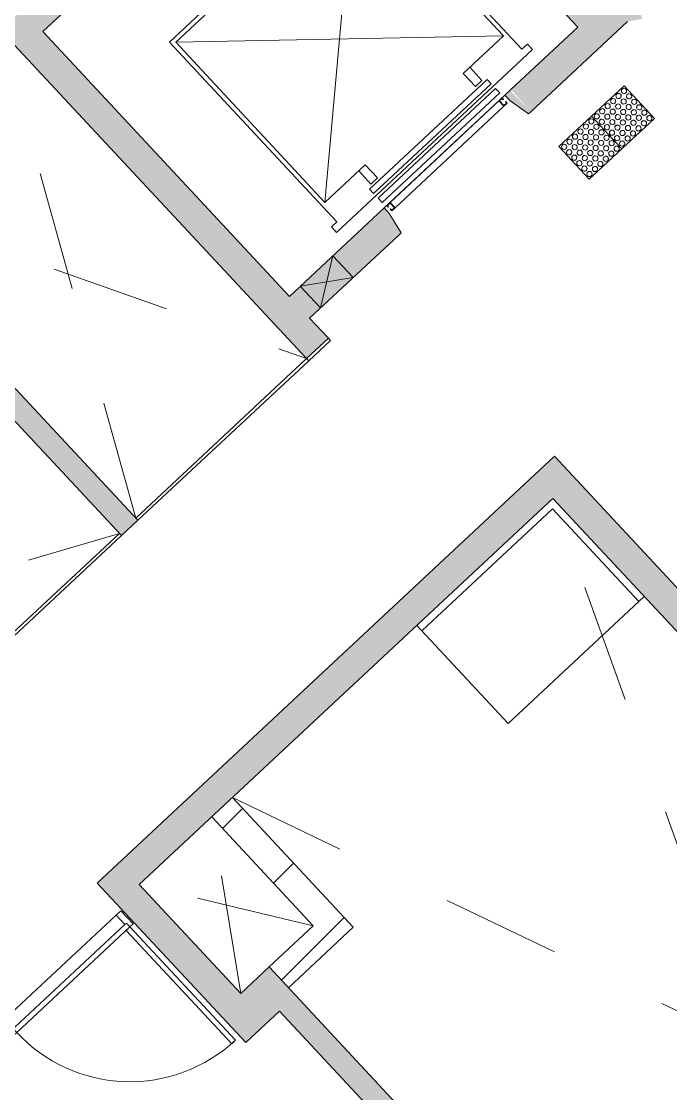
# Model space of a CAD drawing. Header units: millimetres. Extents: x -71377 to 516042, y -145869 to 441446.
# Drawn here: x 213383 to 217745, y 173556 to 180754 of the extents above; entities that cross this region are included whole.
import ezdxf

# ---------------------------------------------------------------- set-up
doc = ezdxf.new("R2010")
doc.units = ezdxf.units.MM
doc.header["$LTSCALE"] = 1000
doc.linetypes.add('_점선_S_', pattern=[1.6, 0.8, -0.8])
doc.linetypes.add('_점선_XS_', pattern=[1.15, 0.6, -0.55])
for name, color, linetype, lineweight in [('A-door', 4, 'Continuous', 5), ('A-door-hdln', 8, 'Continuous', 5), ('A-ele-8', 8, 'Continuous', 5), ('A-fnsh', 5, 'Continuous', 5), ('A-furn-hdln', 8, '_점선_XS_', 5), ('A-hat', 251, 'Continuous', 5), ('A_bwall', 3, 'Continuous', 5), ('A_cwall', 2, 'Continuous', 5), ('A_fnsh-4', 4, 'Continuous', 5), ('AA_오픈', 8, '_점선_S_', 5), ('AA_점형블럭', 8, 'Continuous', 5), ('elev', 4, 'Continuous', 5)]:
    doc.layers.add(name, color=color, linetype=linetype, lineweight=lineweight)
pattern_1 = [(45, (165969.5, 243949.9), (-353.5534, 353.5534), [])]

# ---------------------------------------------------------------- blocks, each defined once
blk = doc.blocks.new('EV_15인승 - EV_15인승_1060x2100-6900319-지반층 배치도')
at = {"layer": 'A-furn-hdln'}
for p, q in [((1150, 100), (1150, -100)), ((1450, 100), (1450, -100))]:
    blk.add_line(p, q, dxfattribs=at)
at = {"layer": 'elev'}
for p, q in [((1450, 100), (1150, -100)), ((1450, -100), (1150, 100)), ((-405, -65), (-405, -50)), ((-405, -50), (-375, -50)), ((-402, -65), (-405, -65)), ((-378, -53), (-402, -53)), ((-402, -53), (-402, -65)), ((-378, -97), (-378, -53)), ((-375, -50), (625, -50)), ((-375, -50), (-375, -100)), ((625, -50), (655, -50)), ((625, -50), (625, -100)), ((652, -53), (628, -53)), ((628, -53), (628, -97)), ((652, -65), (652, -53)), ((655, -65), (652, -65)), ((655, -50), (655, -65)), ((665, -135), (-415, -135)), ((-415, -135), (-415, -175)), ((-405, -100), (-405, -85)), ((-405, -85), (-402, -85)), ((-375, -100), (-405, -100)), ((-402, -85), (-402, -97)), ((-402, -97), (-378, -97)), ((-375, -100), (625, -100)), ((655, -100), (625, -100)), ((628, -97), (652, -97)), ((652, -97), (652, -85)), ((652, -85), (655, -85)), ((655, -85), (655, -100)), ((665, -175), (665, -135)), ((1025, -198), (-775, -198)), ((-775, -198), (-775, -248)), ((-415, -175), (665, -175)), ((1025, -248), (1025, -198)), ((-775, -248), (-725, -248)), ((-725, -248), (-725, -1898)), ((665, -219), (-415, -219)), ((-415, -219), (-415, -259)), ((-415, -259), (665, -259)), ((-325, -278), (-385, -278)), ((-385, -278), (-385, -398)), ((-325, -398), (-325, -278)), ((635, -278), (575, -278)), ((575, -278), (575, -398)), ((635, -398), (635, -278)), ((665, -259), (665, -219)), ((975, -1898), (975, -248)), ((975, -248), (1025, -248)), ((-695, -1868), (-695, -398)), ((-695, -398), (-325, -398)), ((945, -398), (-695, -1868)), ((-695, -398), (945, -1868)), ((575, -398), (945, -398)), ((945, -398), (945, -1868)), ((-1100, -720), (-950, -720)), ((-950, -1580), (-1100, -720)), ((-1100, -1580), (-950, -720)), ((-1100, -1580), (-1100, -720)), ((-950, -720), (-950, -1580)), ((-950, -1580), (-1100, -1580)), ((945, -1868), (-695, -1868)), ((-725, -1898), (975, -1898))]:
    blk.add_line(p, q, dxfattribs=at)
blk = doc.blocks.new('외여닫이문 - __A_FSD_11x21_씰FL_20_원형__ELEV홀-7572301-지반층 배치도')
at = {"layer": 'A-door'}
for p, q in [((-550, 100), (-505, 100)), ((-550, -20), (-550, 100)), ((-505, 100), (-505, 15)), ((505, 100), (550, 100)), ((505, 15), (505, 100)), ((550, 100), (550, -20)), ((-520, 15), (-520, -20)), ((-505, 15), (-520, 15)), ((520, 15), (505, 15)), ((520, -20), (520, 15)), ((-520, -20), (-550, -20)), ((485, -20), (485, -1060)), ((485, -20), (520, -20)), ((520, -20), (520, -1060)), ((550, -20), (520, -20)), ((485, -1060), (520, -1060))]:
    blk.add_line(p, q, dxfattribs=at)
at = {"layer": 'A-door-hdln'}
for p, q in [((-505, 100), (505, 100)), ((-505, 15), (505, 15)), ((-520, -20), (520, -20))]:
    blk.add_line(p, q, dxfattribs=at)
blk.add_arc((520, -20), 1040, 180, 270, dxfattribs=at)
blk = doc.blocks.new('점자블럭_원형_개수_ - 점자블럭_원형_개수_-4199367-지반층 배치도')
at = {"layer": 'AA_점형블럭'}
for p, q in [((300, 300), (0, 300)), ((0, 300), (0, 0)), ((300, 0), (300, 300)), ((600, 300), (300, 300)), ((300, 300), (300, 0)), ((600, 0), (600, 300)), ((0, 0), (300, 0)), ((300, 0), (600, 0))]:
    blk.add_line(p, q, dxfattribs=at)
for centre, start, end in [((25, 275), 360, 180), ((25, 275), 45, 180), ((25, 275), 360, 180), ((25, 275), 45, 180), ((75, 275), 0, 180), ((75, 275), 0, 180), ((75, 275), 0, 180), ((75, 275), 0, 180), ((125, 275), 0, 180), ((125, 275), 0, 180), ((125, 275), 360, 180), ((125, 275), 0, 180), ((175, 275), 360, 180), ((175, 275), 0, 180), ((175, 275), 360, 180), ((175, 275), 0, 180), ((225, 275), 360, 180), ((225, 275), 0, 180), ((225, 275), 360, 180), ((225, 275), 0, 180), ((275, 275), 0, 180), ((275, 275), 0, 180), ((275, 275), 360, 180), ((275, 275), 0, 180), ((325, 275), 360, 180), ((325, 275), 0, 180), ((325, 275), 0, 180), ((325, 275), 0, 180), ((375, 275), 0, 180), ((375, 275), 0, 180), ((375, 275), 0, 180), ((375, 275), 0, 180), ((425, 275), 0, 180), ((425, 275), 0, 180), ((425, 275), 360, 180), ((425, 275), 0, 180), ((475, 275), 0, 180), ((475, 275), 0, 180), ((475, 275), 360, 180), ((475, 275), 360, 180), ((525, 275), 0, 180), ((525, 275), 0, 180), ((525, 275), 360, 180), ((525, 275), 0, 180), ((575, 275), 0, 180), ((575, 275), 0, 180), ((575, 275), 360, 180), ((575, 275), 0, 180), ((25, 275), 180, 360), ((25, 275), 180, 225), ((25, 275), 180, 360), ((25, 275), 180, 225), ((25, 225), 360, 180), ((25, 225), 45, 180), ((25, 225), 0, 180), ((25, 225), 45, 180), ((25, 225), 180, 360), ((25, 225), 180, 225), ((25, 225), 180, 360), ((25, 225), 180, 225), ((25, 275), 255, 330), ((25, 275), 255, 330), ((25, 225), 255, 330), ((25, 225), 255, 330), ((75, 275), 180, 360), ((75, 275), 180, 360), ((75, 275), 180, 360), ((75, 275), 180, 360), ((75, 225), 0, 180), ((75, 225), 0, 180), ((75, 225), 0, 180), ((75, 225), 0, 180), ((75, 225), 180, 360), ((75, 225), 180, 360), ((75, 225), 180, 360), ((75, 225), 180, 360), ((125, 275), 180, 360), ((125, 275), 180, 360), ((125, 275), 180, 360), ((125, 275), 180, 360), ((125, 225), 360, 180), ((125, 225), 0, 180), ((125, 225), 360, 180), ((125, 225), 0, 180), ((125, 225), 180, 360), ((125, 225), 180, 360), ((125, 225), 180, 360), ((125, 225), 180, 360), ((175, 275), 180, 360), ((175, 275), 180, 360), ((175, 275), 180, 360), ((175, 275), 180, 360), ((175, 225), 360, 180), ((175, 225), 0, 180), ((175, 225), 360, 180), ((175, 225), 0, 180), ((175, 225), 180, 360), ((175, 225), 180, 360), ((175, 225), 180, 360), ((175, 225), 180, 360), ((225, 275), 180, 360), ((225, 275), 180, 360), ((225, 275), 180, 360), ((225, 275), 180, 360), ((225, 225), 0, 180), ((225, 225), 0, 180), ((225, 225), 360, 180), ((225, 225), 0, 180), ((225, 225), 180, 360), ((225, 225), 180, 360), ((225, 225), 180, 360), ((225, 225), 180, 360), ((275, 275), 180, 360), ((275, 275), 180, 360), ((275, 275), 180, 360), ((275, 275), 180, 360), ((275, 225), 360, 180), ((275, 225), 0, 180), ((275, 225), 360, 180), ((275, 225), 0, 180), ((275, 225), 180, 360), ((275, 225), 180, 360), ((275, 225), 180, 360), ((275, 225), 180, 360), ((325, 275), 180, 360), ((325, 275), 180, 360), ((325, 275), 180, 360), ((325, 275), 180, 360), ((325, 225), 360, 180), ((325, 225), 0, 180), ((325, 225), 360, 180), ((325, 225), 0, 180), ((325, 225), 180, 360), ((325, 225), 180, 360), ((325, 225), 180, 360), ((325, 225), 180, 360), ((375, 275), 180, 360), ((375, 275), 180, 360), ((375, 275), 180, 360), ((375, 275), 180, 360), ((375, 225), 360, 180), ((375, 225), 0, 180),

• • • • • • •

**EXERCISE:**
Every line above that includes "ezdxf" counts toward one total; give that total by itself.

**ANSWER FOR THE TASK:**
3